Good processes does not guarantee good Risk Management

Having a good systematic process in place doesn't always guarantee good risk management. However, project managers who adopt a systematic approach are typically better informed and better positioned to handle risks than those who don't. It is equally important to create a culture that fosters openness to risk. Simply going through the administrative processes without challenging your thinking and acting on your analysis won't suffice.

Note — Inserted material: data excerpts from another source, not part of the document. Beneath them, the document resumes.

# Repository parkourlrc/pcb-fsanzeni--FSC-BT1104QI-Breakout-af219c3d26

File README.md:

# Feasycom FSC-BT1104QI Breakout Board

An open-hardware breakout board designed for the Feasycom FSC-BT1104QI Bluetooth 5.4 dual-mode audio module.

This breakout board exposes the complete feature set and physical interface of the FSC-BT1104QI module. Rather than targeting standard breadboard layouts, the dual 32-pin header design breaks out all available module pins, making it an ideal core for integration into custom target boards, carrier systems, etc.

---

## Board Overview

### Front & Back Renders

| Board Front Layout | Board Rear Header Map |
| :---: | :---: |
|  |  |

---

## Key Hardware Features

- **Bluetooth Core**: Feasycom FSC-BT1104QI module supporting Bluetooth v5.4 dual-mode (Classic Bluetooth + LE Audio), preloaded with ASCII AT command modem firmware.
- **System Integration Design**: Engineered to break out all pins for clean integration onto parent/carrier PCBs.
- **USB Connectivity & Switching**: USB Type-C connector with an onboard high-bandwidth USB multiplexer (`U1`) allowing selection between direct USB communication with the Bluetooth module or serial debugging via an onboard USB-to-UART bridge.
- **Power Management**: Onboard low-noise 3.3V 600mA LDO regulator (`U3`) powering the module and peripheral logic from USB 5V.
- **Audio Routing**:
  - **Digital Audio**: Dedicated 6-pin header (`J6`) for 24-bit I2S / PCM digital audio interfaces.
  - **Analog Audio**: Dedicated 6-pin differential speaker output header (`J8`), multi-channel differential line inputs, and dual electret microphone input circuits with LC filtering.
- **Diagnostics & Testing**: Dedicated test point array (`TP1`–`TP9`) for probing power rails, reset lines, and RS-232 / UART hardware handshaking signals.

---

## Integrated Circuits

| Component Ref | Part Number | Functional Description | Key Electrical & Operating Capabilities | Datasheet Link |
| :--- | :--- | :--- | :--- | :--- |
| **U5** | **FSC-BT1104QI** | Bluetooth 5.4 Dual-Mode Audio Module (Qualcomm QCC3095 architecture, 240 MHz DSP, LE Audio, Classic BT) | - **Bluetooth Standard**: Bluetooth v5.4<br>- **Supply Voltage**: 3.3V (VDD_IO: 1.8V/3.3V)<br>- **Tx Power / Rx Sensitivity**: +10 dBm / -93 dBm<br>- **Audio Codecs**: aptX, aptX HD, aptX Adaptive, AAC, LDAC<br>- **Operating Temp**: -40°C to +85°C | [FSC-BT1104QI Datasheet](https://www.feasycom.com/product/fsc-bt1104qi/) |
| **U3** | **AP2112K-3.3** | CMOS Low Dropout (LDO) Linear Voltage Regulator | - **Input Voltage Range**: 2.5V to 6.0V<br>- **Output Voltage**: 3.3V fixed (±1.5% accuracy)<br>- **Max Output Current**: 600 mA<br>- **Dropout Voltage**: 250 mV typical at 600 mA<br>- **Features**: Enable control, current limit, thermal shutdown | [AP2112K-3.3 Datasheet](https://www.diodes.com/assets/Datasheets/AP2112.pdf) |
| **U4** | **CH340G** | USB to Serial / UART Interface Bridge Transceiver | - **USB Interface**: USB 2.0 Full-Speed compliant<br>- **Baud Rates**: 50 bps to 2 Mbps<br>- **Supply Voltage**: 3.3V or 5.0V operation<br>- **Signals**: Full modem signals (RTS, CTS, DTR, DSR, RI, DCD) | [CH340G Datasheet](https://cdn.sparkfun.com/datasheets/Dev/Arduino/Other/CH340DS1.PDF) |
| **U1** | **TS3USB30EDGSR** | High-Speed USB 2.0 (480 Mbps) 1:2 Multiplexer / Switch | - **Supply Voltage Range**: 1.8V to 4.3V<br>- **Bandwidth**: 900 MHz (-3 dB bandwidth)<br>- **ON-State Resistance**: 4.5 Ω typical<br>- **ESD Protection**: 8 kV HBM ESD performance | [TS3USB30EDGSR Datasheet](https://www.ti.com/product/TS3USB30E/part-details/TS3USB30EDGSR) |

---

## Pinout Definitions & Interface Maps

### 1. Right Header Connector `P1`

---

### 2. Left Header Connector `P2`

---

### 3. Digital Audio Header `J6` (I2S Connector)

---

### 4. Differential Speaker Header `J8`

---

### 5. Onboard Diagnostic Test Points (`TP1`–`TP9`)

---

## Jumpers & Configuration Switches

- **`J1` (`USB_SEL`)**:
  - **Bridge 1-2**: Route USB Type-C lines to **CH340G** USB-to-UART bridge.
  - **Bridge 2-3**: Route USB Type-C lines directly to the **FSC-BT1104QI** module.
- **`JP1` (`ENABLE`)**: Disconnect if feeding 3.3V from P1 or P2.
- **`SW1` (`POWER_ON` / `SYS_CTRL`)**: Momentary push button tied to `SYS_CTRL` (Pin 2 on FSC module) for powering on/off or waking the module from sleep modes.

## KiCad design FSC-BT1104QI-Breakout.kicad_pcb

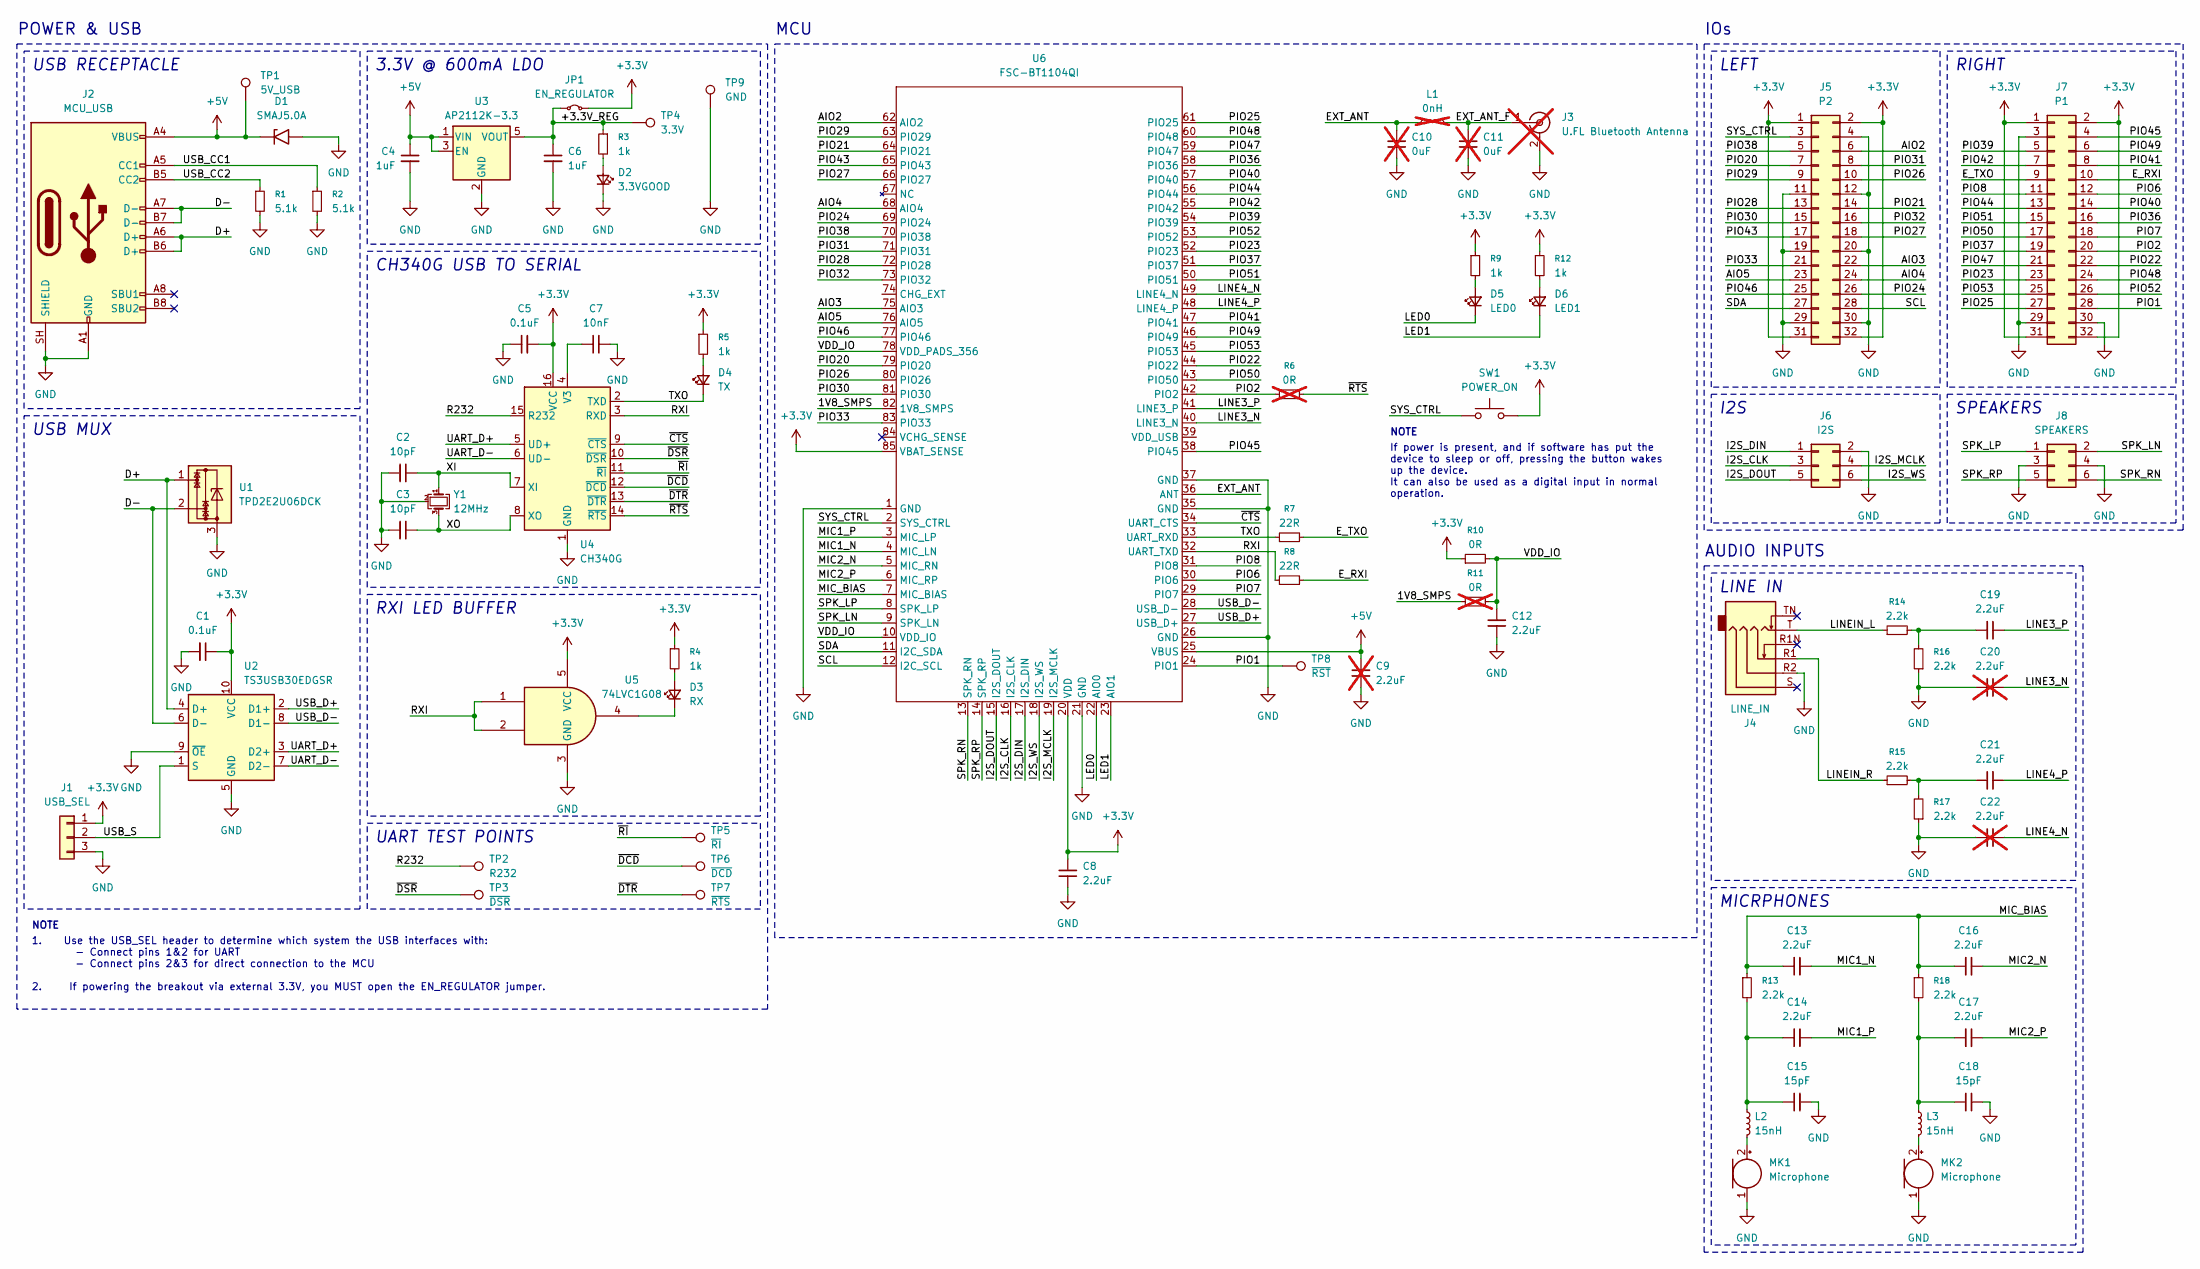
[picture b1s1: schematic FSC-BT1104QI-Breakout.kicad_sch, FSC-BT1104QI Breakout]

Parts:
C1, C5: 0.1uF; C_0603_1608Metric
C2, C3: 10pF; C_0603_1608Metric
C4, C6: 1uF; C_0805_2012Metric
C7: 10nF; C_0603_1608Metric
C8, C12, C13, C14, C16, C17, C19, C21: 2.2uF; C_0603_1608Metric
C9, C20, C22: 2.2uF; C_0603_1608Metric; not fitted
C10, C11: 0uF; C_0603_1608Metric; not fitted
C15, C18: 15pF; C_0603_1608Metric
D1: SMAJ5.0A; D_SMA
D2: 3.3VGOOD; LED_0603_1608Metric
D3: RX; LED_0603_1608Metric
D4: TX; LED_0603_1608Metric
D5: LED0; LED_0603_1608Metric
D6: LED1; LED_0603_1608Metric
J1: USB_SEL; PinHeader_1x03_P2.54mm_Vertical
J2: MCU_USB; SHOUHAN_TYPE-C_16PIN_2MD__073
J3: U.FL Bluetooth Antenna; U.FL_Molex_MCRF_73412-0110_Vertical; not fitted
J4: LINE_IN; Jack_3.5mm_PJ31060-I_Horizontal
J5: P2; PinHeader_2x16_P2.54mm_Vertical
J6: I2S; PinHeader_2x03_P2.54mm_Vertical
J7: P1; PinHeader_2x16_P2.54mm_Vertical
J8: SPEAKERS; PinHeader_2x03_P2.54mm_Vertical
JP1: EN_REGULATOR; PinHeader_1x02_P2.54mm_Vertical
L1: 0nH; L_0603_1608Metric; not fitted
L2, L3: 15nH; L_0603_1608Metric
MK1, MK2: Microphone; GMI4015P-2C-42db
R1, R2: 5.1k; R_0603_1608Metric
R3, R4, R5, R9, R12: 1k; R_0603_1608Metric
R6, R11: 0R; R_0603_1608Metric; not fitted
R7, R8: 22R; R_0603_1608Metric
R10: 0R; R_0603_1608Metric
R13, R14, R15, R16, R17, R18: 2.2k; R_0603_1608Metric
SW1: POWER_ON; SW_Push_1P1T_NO_CK_KMR2
TP1: 5V_USB; TestPoint_Pad_D1.5mm
TP2: R232; TestPoint_Pad_D1.5mm
TP3: ~{DSR}; TestPoint_Pad_D1.5mm
TP4: 3.3V; TestPoint_Pad_D1.5mm
TP5: ~{RI}; TestPoint_Pad_D1.5mm
TP6: ~{DCD}; TestPoint_Pad_D1.5mm
TP7: ~{RTS}; TestPoint_Pad_D1.5mm
TP8: ~{RST}; TestPoint_Pad_D1.5mm
TP9: GND; TestPoint_Pad_D1.5mm
U1: TPD2E2U06DCK; SOT-323_SC-70
U2: TS3USB30EDGSR; TSSOP-10_3x3mm_P0.5mm
U3: AP2112K-3.3; SOT-23-5
U4: CH340G; SOIC-16_3.9x9.9mm_P1.27mm
U5: 74LVC1G08; SOT-23-5
U6: FSC-BT1104QI
Y1: 12MHz; TAXM12M4RLBDDT2T

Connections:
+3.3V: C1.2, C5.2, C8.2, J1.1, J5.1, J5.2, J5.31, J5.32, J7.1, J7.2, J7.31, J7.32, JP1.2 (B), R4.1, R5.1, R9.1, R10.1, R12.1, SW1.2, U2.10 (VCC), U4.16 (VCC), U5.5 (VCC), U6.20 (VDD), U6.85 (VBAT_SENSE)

Research by Kutsch Elmar suggests that in some projects, project risk management is hindered by deliberate ignorance of project managers. Factors like untopicality, undecidability, and utility of risk-related information, characterized by taboos and suspension of belief, contribute to making risk management an administrative exercise with little or no impact on the project outcome. If ignored by project managers, irrelevance can render project risk management not only ineffective but also counterproductive.

The Australian/New Zealand Institute of Insurance & Finance (ANZIIF) launched its Risk Management Faculty in Sydney in September 2013. Dr. David Hillson, also known as The Risk Doctor, was the guest speaker at the launch event. During his talk, David challenged the audience's limited thinking about risk and explained how adopting a broader concept of risk can lead to more effective risk management, resulting in more successful projects and businesses.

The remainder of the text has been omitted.